[Stored dataset items]

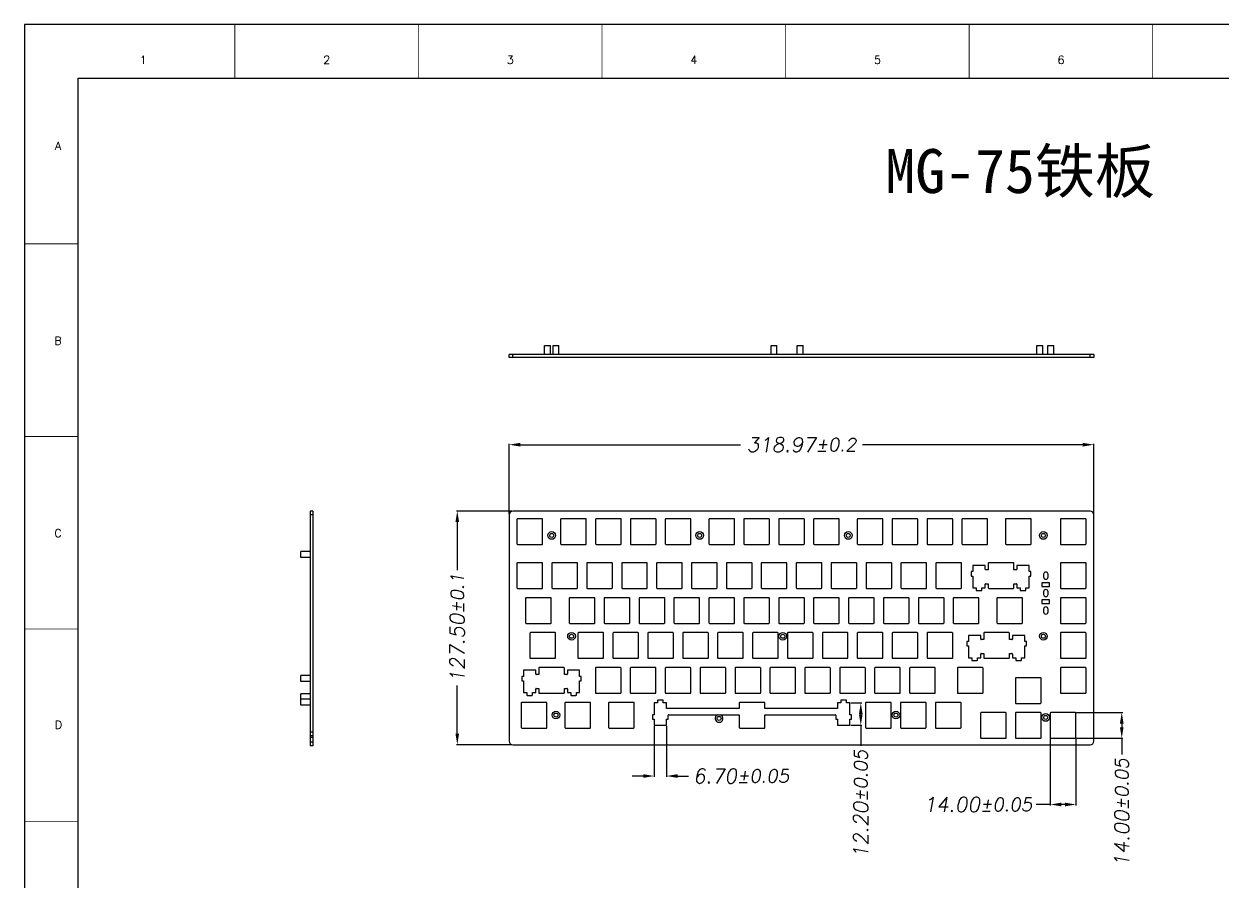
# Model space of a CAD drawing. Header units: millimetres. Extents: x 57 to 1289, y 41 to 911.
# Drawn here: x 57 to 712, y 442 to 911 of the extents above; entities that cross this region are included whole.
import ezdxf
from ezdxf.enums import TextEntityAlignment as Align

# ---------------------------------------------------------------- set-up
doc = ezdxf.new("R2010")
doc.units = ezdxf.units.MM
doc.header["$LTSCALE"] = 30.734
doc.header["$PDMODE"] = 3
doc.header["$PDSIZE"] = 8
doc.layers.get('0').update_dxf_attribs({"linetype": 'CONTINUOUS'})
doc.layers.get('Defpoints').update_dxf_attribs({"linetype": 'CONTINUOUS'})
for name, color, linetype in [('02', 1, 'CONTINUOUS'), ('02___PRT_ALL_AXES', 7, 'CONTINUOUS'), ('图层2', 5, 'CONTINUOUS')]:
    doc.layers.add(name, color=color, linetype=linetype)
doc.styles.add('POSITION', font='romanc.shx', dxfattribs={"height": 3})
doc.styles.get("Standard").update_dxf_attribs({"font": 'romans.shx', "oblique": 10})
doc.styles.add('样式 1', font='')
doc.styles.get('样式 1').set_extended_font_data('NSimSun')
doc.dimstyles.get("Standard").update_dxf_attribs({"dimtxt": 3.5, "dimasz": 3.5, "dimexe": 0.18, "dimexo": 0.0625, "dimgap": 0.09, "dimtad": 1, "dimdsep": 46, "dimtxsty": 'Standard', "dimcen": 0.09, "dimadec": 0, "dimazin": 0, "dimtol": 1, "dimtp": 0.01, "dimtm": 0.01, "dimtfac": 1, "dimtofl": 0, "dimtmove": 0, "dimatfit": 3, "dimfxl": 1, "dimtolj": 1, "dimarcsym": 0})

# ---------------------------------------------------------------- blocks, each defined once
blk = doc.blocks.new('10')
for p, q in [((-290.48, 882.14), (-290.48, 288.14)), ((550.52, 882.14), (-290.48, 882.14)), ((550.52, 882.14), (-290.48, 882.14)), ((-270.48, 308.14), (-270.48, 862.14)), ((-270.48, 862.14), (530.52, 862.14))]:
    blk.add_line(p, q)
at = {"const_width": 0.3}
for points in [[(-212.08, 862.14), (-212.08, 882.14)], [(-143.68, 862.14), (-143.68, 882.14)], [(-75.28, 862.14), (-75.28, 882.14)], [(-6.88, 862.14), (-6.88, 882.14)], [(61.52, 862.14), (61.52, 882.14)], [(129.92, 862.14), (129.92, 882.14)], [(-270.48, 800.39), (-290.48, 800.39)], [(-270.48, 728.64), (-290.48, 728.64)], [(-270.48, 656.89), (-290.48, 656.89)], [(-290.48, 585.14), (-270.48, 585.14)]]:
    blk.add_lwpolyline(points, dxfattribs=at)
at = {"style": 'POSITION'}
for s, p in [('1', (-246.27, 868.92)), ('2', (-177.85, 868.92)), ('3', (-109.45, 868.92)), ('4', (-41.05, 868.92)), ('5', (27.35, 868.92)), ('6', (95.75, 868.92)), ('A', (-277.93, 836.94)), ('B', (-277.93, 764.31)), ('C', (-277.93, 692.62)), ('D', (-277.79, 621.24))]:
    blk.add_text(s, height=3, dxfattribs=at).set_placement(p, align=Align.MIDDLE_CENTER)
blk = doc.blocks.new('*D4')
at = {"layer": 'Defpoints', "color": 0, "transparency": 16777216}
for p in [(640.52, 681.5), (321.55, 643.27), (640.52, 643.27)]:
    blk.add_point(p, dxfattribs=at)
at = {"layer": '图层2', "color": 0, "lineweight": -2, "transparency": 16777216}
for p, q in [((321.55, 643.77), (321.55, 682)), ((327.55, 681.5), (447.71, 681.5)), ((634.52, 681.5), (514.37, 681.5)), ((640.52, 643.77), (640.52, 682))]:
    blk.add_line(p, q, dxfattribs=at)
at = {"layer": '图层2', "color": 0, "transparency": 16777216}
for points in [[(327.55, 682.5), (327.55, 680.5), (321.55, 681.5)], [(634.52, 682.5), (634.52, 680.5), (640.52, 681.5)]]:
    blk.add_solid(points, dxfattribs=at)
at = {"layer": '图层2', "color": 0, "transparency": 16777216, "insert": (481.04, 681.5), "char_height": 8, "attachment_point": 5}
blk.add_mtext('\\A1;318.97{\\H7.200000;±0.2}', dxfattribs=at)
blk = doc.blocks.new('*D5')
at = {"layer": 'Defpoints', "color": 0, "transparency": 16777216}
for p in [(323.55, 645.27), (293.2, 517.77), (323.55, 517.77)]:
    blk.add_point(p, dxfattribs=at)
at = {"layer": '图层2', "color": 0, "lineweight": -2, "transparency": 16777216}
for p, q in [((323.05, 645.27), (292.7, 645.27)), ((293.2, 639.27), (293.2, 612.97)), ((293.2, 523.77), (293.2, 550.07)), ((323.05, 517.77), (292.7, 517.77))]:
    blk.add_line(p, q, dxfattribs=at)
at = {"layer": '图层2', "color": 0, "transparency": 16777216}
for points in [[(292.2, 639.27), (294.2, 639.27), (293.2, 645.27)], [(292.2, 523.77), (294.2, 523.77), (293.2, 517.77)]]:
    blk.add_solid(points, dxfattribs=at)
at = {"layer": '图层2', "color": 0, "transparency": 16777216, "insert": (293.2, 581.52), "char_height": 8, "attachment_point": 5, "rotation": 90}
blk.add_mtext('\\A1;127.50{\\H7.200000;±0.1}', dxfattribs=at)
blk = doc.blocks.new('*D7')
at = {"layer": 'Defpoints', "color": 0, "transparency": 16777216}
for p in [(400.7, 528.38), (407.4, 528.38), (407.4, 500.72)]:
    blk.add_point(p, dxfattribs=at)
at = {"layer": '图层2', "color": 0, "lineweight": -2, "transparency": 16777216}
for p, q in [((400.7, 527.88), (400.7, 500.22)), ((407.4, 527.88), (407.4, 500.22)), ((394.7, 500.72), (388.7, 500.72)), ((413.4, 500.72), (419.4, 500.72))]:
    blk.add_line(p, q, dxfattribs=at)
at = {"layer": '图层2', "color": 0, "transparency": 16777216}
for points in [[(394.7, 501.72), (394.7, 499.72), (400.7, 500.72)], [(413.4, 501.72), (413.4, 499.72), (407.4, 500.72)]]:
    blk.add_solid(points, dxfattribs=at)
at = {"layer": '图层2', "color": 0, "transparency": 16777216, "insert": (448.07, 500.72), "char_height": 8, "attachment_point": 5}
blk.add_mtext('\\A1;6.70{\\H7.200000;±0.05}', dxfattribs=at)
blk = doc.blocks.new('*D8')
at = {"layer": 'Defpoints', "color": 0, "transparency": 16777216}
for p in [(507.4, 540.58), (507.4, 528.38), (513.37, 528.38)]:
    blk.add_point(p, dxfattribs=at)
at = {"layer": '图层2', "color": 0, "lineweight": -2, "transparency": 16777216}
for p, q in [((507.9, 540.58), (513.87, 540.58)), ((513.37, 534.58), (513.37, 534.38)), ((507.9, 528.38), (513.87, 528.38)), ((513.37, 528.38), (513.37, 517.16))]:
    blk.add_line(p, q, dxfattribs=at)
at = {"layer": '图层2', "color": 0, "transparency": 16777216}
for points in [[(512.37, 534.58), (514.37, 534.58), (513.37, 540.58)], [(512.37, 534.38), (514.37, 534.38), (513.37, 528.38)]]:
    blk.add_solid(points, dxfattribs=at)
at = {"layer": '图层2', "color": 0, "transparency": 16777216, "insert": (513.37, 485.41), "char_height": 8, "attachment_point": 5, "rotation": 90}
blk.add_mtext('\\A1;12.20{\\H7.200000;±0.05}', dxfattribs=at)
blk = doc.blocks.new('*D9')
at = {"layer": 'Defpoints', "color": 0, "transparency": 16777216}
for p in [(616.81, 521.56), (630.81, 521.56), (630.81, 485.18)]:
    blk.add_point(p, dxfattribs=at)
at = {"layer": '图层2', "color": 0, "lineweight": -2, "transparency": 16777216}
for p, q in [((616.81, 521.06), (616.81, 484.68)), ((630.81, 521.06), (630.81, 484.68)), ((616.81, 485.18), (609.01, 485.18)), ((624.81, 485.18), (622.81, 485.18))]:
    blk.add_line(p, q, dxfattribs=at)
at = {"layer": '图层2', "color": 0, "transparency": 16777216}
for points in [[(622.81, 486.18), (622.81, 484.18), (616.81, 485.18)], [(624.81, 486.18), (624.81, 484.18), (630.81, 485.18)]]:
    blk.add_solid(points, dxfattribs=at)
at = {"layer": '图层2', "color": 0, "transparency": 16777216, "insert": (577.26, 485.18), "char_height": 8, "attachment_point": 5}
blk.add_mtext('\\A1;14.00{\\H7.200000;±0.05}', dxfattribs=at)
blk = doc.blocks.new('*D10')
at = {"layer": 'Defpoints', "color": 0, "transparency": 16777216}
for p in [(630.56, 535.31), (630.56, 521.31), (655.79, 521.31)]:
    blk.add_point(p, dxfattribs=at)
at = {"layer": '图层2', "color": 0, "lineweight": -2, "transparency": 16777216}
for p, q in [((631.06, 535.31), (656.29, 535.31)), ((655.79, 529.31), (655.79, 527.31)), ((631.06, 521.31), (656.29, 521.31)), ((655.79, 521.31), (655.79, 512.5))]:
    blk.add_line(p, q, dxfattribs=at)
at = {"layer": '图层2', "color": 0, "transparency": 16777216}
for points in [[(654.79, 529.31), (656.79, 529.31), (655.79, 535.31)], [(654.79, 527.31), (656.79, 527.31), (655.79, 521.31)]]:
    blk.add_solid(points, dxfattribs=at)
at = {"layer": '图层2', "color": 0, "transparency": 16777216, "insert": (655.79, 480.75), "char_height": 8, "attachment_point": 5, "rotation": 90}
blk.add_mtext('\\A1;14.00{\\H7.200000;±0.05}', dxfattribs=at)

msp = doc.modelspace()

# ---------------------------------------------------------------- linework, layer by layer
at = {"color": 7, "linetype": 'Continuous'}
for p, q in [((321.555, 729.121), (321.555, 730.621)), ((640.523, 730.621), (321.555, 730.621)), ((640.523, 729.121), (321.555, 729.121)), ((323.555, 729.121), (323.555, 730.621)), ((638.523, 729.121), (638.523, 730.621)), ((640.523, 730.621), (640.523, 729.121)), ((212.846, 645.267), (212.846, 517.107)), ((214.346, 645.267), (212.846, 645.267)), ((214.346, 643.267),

→ EXERCISE GOAL
Counting only lines that hold the string "insert", give the number of such lines in the records. Write nothing else.

→ EXERCISE SOLUTION
6